Available records:
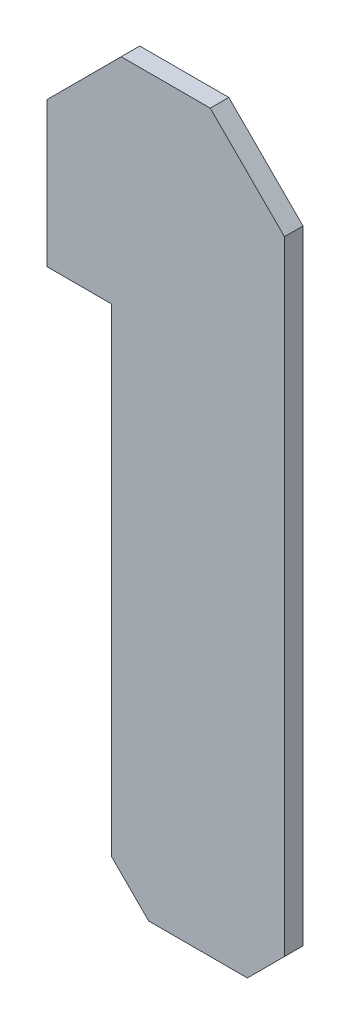
from build123d import *

# Parameters (mm, degrees)
BOSS_EXTRUDE1_DEPTH = 0.5


with BuildPart() as part:
    # Sketch1 → Boss-Extrude1 (new body)
    with BuildSketch(Plane.XY):
        Polygon((1.74227915, -13.65), (2.74227915, -14.65), (5.4, -14.65), (6.4, -13.65), (6.4, 0.1), (6.4, 3.15), (4.4, 5.15), (2, 5.15), (0, 3.15), (0, 0.1), (0, -0.75), (1.74227915, -0.75), align=None)
    extrude(amount=BOSS_EXTRUDE1_DEPTH)


solid = part.part

To do: Filter the records down to the lines that contain the string "part", and copy those lines.

Task solution:
with BuildPart() as part:
solid = part.part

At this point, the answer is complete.